### Your goal
Please count how many lines below contain the word "range" and reply with only that number.

(Collected data entries)
--

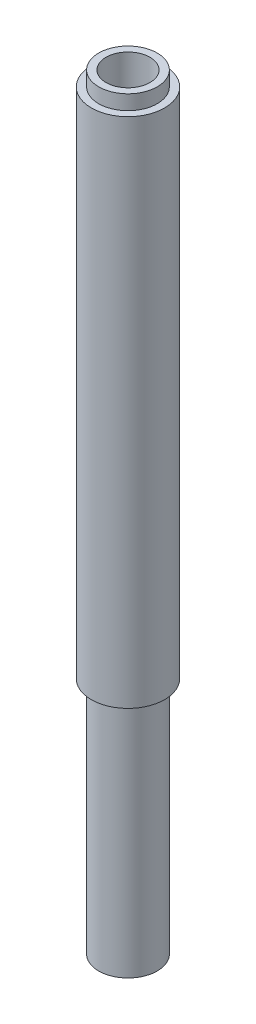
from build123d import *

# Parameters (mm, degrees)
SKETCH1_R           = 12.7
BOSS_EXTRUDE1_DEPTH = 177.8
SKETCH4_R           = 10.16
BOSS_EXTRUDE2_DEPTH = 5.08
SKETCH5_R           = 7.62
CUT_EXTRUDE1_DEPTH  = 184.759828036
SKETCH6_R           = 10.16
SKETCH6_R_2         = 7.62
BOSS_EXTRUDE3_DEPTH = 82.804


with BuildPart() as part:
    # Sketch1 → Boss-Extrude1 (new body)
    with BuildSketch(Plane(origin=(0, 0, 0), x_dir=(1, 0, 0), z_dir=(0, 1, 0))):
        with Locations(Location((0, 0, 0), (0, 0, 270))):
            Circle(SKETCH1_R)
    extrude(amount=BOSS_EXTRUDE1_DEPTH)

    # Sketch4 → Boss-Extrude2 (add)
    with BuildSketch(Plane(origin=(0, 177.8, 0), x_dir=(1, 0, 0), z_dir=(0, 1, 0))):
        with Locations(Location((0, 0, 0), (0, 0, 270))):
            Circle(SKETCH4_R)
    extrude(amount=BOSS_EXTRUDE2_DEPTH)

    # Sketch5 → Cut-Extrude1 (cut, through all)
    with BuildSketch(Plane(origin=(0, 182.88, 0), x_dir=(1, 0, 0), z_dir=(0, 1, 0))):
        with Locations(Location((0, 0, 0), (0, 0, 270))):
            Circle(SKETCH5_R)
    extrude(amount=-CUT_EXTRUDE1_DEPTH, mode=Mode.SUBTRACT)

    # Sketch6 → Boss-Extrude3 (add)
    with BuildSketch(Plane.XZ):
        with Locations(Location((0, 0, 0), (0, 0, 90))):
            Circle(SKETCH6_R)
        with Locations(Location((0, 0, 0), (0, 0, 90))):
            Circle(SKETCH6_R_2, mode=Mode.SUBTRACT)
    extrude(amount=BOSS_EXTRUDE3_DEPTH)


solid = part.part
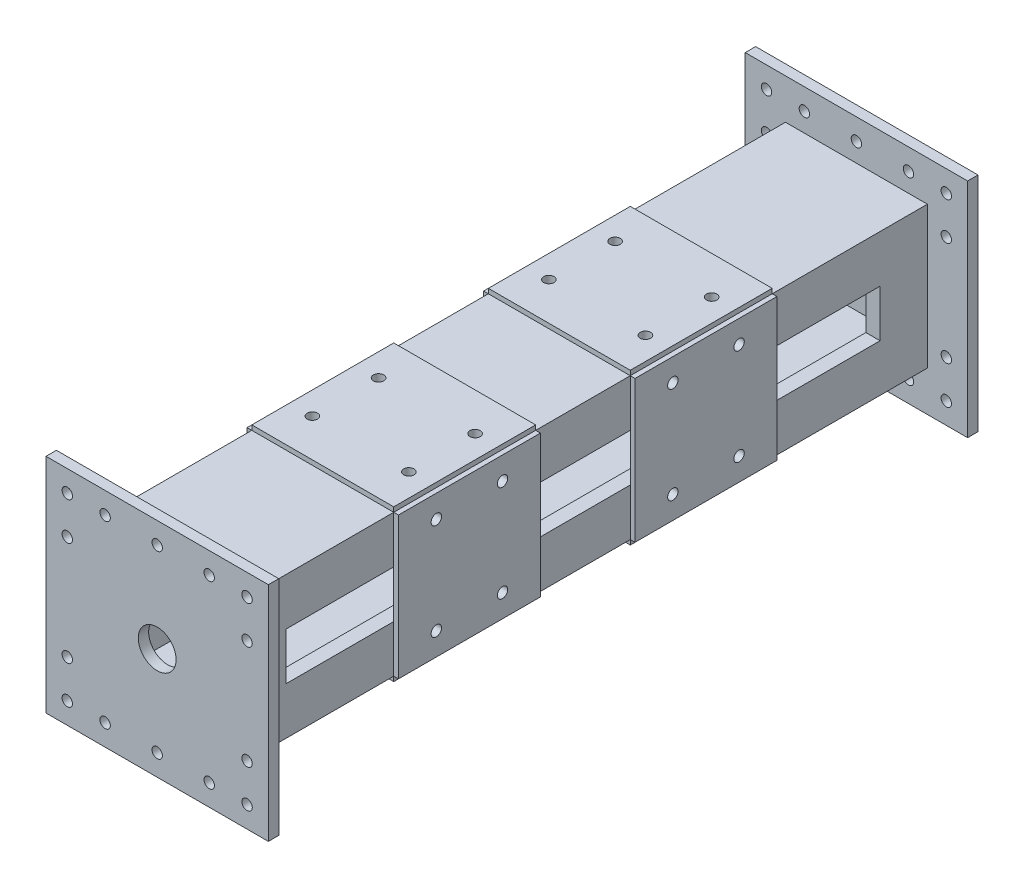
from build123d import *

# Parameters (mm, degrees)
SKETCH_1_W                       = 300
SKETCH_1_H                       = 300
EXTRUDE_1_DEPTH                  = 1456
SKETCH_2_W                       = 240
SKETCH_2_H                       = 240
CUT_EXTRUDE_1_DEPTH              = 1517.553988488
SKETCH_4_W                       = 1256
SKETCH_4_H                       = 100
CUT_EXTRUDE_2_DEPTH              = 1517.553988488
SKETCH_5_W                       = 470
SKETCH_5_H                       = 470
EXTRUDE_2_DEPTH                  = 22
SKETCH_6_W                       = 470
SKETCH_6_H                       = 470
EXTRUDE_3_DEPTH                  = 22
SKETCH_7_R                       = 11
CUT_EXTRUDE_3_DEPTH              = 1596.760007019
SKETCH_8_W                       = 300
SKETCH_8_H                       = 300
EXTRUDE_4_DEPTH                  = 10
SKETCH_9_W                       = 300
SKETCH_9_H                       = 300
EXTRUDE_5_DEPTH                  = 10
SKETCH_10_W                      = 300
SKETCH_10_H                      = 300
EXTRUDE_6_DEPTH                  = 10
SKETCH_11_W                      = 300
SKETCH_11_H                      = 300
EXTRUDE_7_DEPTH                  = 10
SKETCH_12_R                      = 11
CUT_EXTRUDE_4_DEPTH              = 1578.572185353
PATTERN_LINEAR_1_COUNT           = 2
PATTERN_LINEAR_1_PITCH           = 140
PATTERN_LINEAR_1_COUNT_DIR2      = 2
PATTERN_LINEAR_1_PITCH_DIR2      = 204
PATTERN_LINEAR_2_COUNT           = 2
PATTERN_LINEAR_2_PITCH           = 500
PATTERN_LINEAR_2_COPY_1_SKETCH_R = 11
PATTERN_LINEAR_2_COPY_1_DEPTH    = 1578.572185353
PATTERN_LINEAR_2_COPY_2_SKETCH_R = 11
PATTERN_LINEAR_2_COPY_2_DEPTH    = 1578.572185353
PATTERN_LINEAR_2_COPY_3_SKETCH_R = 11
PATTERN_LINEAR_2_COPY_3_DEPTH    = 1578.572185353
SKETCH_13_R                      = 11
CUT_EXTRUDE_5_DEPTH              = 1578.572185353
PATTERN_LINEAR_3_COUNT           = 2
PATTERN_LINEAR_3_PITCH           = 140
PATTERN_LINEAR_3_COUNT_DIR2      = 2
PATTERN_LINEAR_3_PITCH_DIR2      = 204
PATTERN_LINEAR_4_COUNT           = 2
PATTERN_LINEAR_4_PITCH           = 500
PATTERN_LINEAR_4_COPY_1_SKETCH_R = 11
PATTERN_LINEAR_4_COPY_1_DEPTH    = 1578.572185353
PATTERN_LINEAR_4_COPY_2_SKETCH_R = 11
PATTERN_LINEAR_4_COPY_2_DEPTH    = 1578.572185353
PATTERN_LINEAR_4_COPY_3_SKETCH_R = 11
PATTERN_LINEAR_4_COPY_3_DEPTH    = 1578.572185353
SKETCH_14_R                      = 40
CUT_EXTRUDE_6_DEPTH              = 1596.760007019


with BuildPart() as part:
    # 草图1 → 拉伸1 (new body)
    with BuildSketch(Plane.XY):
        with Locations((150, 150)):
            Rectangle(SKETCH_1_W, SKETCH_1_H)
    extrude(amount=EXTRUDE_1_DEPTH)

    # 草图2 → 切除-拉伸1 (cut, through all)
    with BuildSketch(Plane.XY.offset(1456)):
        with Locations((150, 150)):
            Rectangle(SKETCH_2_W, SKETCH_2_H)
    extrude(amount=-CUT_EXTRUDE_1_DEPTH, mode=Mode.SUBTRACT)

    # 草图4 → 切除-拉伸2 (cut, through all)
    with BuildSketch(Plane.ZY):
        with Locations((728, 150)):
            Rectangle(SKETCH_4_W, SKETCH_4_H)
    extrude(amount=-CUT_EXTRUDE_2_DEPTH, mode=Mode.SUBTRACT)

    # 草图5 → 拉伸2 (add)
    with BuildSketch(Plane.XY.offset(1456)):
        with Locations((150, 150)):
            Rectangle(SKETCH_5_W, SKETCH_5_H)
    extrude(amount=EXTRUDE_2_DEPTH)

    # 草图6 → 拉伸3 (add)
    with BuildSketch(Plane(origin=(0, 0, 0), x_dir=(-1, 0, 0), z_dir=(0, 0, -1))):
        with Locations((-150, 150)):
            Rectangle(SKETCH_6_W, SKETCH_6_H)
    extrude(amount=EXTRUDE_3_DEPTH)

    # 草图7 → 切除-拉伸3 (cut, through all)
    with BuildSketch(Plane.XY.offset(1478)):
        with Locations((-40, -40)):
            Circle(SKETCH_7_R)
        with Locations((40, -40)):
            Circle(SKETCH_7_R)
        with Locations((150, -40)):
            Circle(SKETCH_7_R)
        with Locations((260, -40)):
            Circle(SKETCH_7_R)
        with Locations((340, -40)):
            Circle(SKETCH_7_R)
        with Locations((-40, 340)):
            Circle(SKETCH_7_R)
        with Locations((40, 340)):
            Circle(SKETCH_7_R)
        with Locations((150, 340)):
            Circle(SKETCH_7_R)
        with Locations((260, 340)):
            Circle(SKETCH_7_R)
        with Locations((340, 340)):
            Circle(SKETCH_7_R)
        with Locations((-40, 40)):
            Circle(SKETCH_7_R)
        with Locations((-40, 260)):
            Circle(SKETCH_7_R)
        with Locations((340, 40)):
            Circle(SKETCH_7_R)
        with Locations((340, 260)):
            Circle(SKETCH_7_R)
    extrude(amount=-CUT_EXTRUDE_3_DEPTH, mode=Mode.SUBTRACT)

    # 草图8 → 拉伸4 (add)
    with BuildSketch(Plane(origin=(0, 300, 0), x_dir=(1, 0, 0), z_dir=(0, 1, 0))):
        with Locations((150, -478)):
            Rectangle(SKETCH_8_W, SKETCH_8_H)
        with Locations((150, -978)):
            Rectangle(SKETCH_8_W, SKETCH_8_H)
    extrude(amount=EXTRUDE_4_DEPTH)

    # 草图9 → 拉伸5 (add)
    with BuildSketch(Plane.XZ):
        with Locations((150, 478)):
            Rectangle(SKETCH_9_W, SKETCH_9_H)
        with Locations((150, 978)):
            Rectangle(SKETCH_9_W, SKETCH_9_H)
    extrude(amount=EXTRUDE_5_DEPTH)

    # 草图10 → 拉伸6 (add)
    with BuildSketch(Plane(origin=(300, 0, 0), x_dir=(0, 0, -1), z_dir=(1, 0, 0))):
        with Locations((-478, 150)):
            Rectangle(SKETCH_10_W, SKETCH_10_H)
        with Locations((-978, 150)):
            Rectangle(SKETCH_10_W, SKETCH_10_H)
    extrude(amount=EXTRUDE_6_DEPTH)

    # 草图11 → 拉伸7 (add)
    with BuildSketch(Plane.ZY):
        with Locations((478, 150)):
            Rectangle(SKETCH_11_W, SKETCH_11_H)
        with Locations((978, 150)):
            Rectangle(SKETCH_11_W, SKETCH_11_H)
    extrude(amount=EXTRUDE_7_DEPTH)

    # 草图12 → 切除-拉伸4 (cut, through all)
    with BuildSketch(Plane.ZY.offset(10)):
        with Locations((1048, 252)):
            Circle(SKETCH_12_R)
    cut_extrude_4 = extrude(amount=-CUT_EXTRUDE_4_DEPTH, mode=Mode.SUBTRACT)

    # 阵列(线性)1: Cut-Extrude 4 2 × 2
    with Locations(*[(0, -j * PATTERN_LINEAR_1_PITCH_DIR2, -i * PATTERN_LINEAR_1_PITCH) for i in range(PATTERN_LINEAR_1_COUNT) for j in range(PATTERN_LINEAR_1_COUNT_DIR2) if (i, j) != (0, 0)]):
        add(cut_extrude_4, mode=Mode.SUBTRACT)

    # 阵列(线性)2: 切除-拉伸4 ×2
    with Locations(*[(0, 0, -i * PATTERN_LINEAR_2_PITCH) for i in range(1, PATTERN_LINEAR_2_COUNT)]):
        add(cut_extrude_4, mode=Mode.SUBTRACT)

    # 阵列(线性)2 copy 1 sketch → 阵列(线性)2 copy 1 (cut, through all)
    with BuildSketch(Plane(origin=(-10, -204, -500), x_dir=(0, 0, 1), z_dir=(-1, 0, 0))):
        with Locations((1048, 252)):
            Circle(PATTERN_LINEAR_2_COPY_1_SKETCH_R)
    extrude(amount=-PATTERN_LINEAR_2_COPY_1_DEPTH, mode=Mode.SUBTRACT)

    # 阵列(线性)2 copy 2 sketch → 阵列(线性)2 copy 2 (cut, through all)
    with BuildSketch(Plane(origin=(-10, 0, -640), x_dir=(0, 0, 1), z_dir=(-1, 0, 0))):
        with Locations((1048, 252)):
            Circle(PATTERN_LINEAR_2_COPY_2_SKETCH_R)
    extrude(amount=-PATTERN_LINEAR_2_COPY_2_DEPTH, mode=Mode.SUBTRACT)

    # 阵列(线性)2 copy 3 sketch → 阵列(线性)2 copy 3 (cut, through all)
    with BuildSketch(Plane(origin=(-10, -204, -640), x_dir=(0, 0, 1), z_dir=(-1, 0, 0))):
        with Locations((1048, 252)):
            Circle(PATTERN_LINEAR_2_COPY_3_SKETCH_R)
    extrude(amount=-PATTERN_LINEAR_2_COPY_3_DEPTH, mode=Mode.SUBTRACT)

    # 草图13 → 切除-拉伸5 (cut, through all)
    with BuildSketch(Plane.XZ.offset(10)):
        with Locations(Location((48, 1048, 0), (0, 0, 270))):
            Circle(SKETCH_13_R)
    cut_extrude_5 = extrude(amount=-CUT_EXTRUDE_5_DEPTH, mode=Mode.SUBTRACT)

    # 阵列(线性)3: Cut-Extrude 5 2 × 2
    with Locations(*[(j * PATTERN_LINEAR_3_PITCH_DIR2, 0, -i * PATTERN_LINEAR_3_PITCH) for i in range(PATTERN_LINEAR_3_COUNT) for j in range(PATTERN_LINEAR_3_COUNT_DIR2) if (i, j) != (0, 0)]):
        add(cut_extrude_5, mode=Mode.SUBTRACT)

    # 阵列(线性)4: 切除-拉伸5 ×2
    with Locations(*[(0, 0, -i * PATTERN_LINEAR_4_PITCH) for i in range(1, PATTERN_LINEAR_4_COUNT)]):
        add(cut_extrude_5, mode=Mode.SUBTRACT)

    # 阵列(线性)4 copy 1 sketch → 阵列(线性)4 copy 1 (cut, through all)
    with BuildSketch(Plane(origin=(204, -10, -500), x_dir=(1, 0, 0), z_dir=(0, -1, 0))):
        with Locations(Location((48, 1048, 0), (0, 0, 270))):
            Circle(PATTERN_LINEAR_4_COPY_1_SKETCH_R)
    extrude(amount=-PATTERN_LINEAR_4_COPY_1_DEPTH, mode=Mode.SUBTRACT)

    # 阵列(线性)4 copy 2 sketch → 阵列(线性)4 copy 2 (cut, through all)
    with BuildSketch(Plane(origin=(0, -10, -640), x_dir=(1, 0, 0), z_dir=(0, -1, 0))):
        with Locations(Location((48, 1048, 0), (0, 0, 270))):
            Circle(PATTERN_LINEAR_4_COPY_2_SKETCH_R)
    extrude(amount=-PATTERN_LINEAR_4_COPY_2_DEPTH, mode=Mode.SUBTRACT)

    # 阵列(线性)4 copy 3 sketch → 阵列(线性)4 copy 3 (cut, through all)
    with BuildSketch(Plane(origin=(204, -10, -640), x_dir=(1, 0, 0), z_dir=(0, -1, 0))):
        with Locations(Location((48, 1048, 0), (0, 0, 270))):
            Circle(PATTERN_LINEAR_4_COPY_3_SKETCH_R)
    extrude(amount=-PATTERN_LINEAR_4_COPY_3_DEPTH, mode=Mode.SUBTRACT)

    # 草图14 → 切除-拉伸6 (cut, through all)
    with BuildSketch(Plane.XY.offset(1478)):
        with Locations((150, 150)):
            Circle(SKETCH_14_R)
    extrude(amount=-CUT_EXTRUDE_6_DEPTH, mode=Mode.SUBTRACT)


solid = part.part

--

### Task answer
4